- recipe
A recipe object. The step will be added to the sequence of
operations for this recipe.
- ...
One or more selector functions to choose variables for this step.
See selections() for more details.
- class
A bare name that specifies a single categorical variable to be
used as the class. Can also be a string or tidyselect for backwards
compatibility.
- role
For model terms created by this step, what analysis role should
they be assigned? By default, the new columns created by this step from the
original variables will be used as predictors in a model.
- trained
A logical to indicate if the quantities for preprocessing have
been estimated.
- metric
A character string specifying the depth metric. Possible values
are "potential", "halfspace", "Mahalanobis", "simplicialVolume",
"spatial", and "zonoid".
- options
A list of options to pass to the underlying depth functions.

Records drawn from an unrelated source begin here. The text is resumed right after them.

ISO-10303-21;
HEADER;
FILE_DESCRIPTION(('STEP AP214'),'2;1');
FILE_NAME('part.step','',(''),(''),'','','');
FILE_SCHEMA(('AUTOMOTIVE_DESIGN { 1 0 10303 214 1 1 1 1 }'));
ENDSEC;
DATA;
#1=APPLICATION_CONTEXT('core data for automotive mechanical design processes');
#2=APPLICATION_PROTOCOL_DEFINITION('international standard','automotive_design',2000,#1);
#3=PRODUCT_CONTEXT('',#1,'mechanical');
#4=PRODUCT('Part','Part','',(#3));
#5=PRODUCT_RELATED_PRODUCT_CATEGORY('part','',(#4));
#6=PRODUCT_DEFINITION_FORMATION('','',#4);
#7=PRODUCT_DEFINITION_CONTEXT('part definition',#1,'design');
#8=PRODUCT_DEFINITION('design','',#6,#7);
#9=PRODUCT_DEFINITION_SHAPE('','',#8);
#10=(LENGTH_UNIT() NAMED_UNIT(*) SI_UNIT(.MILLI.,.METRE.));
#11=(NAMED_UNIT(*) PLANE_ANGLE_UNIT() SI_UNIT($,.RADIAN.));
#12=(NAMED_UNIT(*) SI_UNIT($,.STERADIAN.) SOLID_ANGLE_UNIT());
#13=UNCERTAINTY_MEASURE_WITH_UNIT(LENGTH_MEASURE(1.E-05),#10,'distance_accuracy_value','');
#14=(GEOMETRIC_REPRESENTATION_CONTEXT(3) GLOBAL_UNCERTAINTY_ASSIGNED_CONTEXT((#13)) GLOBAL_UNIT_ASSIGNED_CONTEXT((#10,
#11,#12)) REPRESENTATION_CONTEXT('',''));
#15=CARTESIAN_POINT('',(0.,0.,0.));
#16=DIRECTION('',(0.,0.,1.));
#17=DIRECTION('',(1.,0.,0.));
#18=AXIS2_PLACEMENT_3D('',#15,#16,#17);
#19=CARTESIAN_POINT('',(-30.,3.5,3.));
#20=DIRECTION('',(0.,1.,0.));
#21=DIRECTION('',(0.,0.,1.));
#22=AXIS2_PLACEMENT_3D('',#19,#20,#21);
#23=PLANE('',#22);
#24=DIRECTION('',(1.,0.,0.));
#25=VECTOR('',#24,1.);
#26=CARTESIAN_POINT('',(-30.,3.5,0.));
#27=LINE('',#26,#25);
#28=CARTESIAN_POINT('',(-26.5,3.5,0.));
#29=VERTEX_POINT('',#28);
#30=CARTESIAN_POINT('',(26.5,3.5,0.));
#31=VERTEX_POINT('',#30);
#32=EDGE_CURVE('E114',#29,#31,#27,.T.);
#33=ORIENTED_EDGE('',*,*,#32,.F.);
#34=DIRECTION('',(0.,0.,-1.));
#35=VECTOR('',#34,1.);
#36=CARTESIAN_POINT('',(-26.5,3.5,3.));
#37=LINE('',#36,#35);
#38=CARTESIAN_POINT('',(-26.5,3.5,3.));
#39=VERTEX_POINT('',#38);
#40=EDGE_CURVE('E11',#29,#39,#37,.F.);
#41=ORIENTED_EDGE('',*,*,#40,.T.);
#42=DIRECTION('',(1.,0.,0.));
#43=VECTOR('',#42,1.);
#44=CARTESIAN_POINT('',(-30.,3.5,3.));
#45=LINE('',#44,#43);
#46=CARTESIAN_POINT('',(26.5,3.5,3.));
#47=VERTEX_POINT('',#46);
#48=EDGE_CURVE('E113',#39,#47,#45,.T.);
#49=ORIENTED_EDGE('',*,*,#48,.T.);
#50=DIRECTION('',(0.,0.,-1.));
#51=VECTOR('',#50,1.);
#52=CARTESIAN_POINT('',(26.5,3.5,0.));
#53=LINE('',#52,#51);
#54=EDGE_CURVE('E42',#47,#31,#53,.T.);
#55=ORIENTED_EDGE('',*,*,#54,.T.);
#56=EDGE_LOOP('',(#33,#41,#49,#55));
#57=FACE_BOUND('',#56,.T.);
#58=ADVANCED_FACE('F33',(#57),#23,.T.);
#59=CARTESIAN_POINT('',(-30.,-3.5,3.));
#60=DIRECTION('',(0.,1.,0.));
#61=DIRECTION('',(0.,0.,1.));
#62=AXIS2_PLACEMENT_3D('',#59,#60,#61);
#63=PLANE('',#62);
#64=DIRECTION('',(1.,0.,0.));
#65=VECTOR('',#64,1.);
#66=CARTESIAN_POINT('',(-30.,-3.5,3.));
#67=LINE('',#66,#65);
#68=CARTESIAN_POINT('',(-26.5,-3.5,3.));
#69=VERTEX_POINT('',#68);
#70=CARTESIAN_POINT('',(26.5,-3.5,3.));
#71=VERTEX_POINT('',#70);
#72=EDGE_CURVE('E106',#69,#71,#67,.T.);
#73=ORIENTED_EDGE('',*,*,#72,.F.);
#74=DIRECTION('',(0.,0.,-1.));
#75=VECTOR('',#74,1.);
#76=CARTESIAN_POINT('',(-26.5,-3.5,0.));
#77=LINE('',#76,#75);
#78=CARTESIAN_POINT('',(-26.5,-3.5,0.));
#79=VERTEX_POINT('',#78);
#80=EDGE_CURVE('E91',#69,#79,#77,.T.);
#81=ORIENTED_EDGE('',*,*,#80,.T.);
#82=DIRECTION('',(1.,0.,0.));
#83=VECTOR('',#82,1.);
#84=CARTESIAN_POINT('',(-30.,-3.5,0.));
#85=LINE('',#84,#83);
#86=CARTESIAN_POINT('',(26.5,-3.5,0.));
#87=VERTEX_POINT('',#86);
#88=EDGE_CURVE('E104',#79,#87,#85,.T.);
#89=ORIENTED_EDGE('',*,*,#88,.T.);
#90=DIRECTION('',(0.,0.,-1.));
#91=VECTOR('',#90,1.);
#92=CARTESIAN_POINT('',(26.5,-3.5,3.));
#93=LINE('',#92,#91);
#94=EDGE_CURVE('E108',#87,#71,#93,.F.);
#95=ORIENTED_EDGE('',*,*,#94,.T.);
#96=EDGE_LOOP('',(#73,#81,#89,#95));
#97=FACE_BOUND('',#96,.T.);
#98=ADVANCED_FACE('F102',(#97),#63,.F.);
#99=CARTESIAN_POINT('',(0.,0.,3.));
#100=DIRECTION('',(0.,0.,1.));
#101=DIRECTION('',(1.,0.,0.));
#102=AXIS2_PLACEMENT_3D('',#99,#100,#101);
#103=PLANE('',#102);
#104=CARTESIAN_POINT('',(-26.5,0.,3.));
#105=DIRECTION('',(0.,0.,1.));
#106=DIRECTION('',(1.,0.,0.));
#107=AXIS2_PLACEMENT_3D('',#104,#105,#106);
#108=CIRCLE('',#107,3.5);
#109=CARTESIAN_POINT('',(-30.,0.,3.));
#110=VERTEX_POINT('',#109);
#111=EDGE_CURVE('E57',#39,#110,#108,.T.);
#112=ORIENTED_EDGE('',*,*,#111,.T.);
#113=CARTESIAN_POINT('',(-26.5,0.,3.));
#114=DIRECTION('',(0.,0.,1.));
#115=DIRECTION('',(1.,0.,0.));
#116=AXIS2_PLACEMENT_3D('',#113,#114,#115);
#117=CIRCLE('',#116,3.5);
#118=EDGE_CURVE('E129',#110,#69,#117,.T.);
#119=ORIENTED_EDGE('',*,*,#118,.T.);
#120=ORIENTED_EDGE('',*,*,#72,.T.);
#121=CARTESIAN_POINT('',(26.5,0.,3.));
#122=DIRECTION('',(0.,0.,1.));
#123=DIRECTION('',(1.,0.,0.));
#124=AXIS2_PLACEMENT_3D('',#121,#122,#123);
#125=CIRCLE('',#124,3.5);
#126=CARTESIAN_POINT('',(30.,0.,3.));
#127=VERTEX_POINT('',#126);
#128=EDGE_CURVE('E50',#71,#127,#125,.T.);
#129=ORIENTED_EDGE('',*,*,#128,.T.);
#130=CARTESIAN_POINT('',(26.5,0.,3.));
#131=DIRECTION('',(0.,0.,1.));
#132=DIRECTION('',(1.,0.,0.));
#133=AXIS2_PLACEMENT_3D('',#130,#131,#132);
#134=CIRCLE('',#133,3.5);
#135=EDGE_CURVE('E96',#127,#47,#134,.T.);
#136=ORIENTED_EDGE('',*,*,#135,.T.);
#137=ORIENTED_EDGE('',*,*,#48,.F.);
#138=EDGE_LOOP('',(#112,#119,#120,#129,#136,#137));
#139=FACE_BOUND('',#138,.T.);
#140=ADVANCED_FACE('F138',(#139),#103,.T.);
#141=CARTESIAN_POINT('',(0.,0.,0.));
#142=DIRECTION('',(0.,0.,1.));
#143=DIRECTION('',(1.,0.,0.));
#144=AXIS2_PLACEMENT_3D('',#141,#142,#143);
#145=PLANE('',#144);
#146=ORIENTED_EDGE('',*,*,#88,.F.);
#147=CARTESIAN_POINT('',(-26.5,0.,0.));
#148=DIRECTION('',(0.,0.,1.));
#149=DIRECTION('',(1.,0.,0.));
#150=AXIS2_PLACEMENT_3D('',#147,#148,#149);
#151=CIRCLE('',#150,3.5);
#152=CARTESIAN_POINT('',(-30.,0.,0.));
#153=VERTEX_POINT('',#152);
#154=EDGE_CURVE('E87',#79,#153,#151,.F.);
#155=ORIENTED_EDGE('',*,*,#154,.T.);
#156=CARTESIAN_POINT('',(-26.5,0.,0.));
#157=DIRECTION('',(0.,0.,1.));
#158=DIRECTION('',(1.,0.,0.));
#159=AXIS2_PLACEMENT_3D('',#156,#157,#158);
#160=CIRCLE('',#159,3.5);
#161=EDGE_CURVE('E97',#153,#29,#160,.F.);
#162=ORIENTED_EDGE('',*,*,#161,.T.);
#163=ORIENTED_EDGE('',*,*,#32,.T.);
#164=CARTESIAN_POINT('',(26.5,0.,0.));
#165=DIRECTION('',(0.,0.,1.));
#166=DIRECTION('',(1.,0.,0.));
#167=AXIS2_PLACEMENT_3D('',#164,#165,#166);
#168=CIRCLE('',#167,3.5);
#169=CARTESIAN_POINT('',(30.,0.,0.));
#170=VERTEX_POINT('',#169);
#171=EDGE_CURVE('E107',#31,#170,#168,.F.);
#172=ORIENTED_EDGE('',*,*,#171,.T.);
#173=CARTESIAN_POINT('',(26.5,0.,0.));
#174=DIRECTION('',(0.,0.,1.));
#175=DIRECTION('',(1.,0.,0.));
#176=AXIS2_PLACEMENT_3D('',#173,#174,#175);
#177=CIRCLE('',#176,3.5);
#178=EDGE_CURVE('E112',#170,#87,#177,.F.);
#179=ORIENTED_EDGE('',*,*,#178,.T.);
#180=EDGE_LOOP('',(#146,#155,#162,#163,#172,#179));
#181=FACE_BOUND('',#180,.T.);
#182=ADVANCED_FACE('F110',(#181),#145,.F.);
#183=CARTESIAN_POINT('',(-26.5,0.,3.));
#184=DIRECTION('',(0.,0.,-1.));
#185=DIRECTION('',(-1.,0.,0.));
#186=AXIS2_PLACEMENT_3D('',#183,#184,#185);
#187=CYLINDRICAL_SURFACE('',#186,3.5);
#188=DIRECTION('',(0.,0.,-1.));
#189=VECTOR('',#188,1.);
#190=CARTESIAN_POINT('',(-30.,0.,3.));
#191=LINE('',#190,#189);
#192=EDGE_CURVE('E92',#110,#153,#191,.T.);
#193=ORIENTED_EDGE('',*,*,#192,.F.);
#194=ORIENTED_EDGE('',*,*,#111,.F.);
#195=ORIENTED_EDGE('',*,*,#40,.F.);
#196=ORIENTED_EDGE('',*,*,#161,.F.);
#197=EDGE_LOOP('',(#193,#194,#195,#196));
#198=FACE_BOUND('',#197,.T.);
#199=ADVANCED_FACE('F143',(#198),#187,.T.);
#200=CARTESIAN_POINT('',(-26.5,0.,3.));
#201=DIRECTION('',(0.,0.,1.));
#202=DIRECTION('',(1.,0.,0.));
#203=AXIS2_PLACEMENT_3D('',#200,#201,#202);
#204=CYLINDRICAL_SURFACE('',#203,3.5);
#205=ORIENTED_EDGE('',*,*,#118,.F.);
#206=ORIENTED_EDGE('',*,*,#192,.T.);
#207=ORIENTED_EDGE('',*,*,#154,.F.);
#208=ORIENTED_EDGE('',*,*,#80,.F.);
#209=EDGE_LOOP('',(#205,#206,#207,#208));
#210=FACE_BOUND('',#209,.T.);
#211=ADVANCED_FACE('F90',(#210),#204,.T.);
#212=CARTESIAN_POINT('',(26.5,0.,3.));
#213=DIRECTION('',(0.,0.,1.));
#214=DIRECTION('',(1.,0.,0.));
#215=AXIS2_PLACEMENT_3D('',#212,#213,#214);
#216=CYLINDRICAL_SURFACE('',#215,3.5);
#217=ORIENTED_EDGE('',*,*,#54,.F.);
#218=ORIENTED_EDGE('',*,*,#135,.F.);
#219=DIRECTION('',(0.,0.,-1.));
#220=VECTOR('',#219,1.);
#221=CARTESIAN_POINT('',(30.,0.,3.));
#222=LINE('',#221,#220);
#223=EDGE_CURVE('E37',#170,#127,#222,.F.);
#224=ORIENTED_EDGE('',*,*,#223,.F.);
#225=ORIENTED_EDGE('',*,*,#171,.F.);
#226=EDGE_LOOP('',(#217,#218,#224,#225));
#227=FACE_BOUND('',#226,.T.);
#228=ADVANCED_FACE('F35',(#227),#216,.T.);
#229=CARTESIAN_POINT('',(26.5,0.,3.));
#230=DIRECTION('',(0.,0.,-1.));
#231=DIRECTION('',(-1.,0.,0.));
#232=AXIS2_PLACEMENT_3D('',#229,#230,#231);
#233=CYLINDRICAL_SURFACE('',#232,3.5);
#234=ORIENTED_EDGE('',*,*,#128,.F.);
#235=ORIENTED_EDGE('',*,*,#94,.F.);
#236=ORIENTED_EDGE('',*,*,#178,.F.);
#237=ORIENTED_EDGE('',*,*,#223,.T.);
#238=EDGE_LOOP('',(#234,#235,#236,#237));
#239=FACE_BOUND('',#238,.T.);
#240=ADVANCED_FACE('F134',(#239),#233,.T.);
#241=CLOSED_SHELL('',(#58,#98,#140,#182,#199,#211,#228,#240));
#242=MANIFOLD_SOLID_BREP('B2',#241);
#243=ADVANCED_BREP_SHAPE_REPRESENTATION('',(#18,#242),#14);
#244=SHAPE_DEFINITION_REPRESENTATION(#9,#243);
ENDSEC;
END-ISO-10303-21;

See ddalpha::depth.halfspace(), ddalpha::depth.Mahalanobis(),
ddalpha::depth.potential(), ddalpha::depth.projection(),
ddalpha::depth.simplicial(), ddalpha::depth.simplicialVolume(),
ddalpha::depth.spatial(), ddalpha::depth.zonoid().
- data
The training data are stored here once after prep() is
executed.
- prefix
A character string for the prefix of the resulting new
variables. See notes below.
- keep_original_cols
A logical to keep the original variables in the
output. Defaults to TRUE.
- skip
A logical. Should the step be skipped when the recipe is baked by
bake()? While all operations are baked when prep() is run, some
operations may not be able to be conducted on new data (e.g. processing the
outcome variable(s)). Care should be taken when using skip = TRUE as it
may affect the computations for subsequent operations.
- id
A character string that is unique to this step to identify it.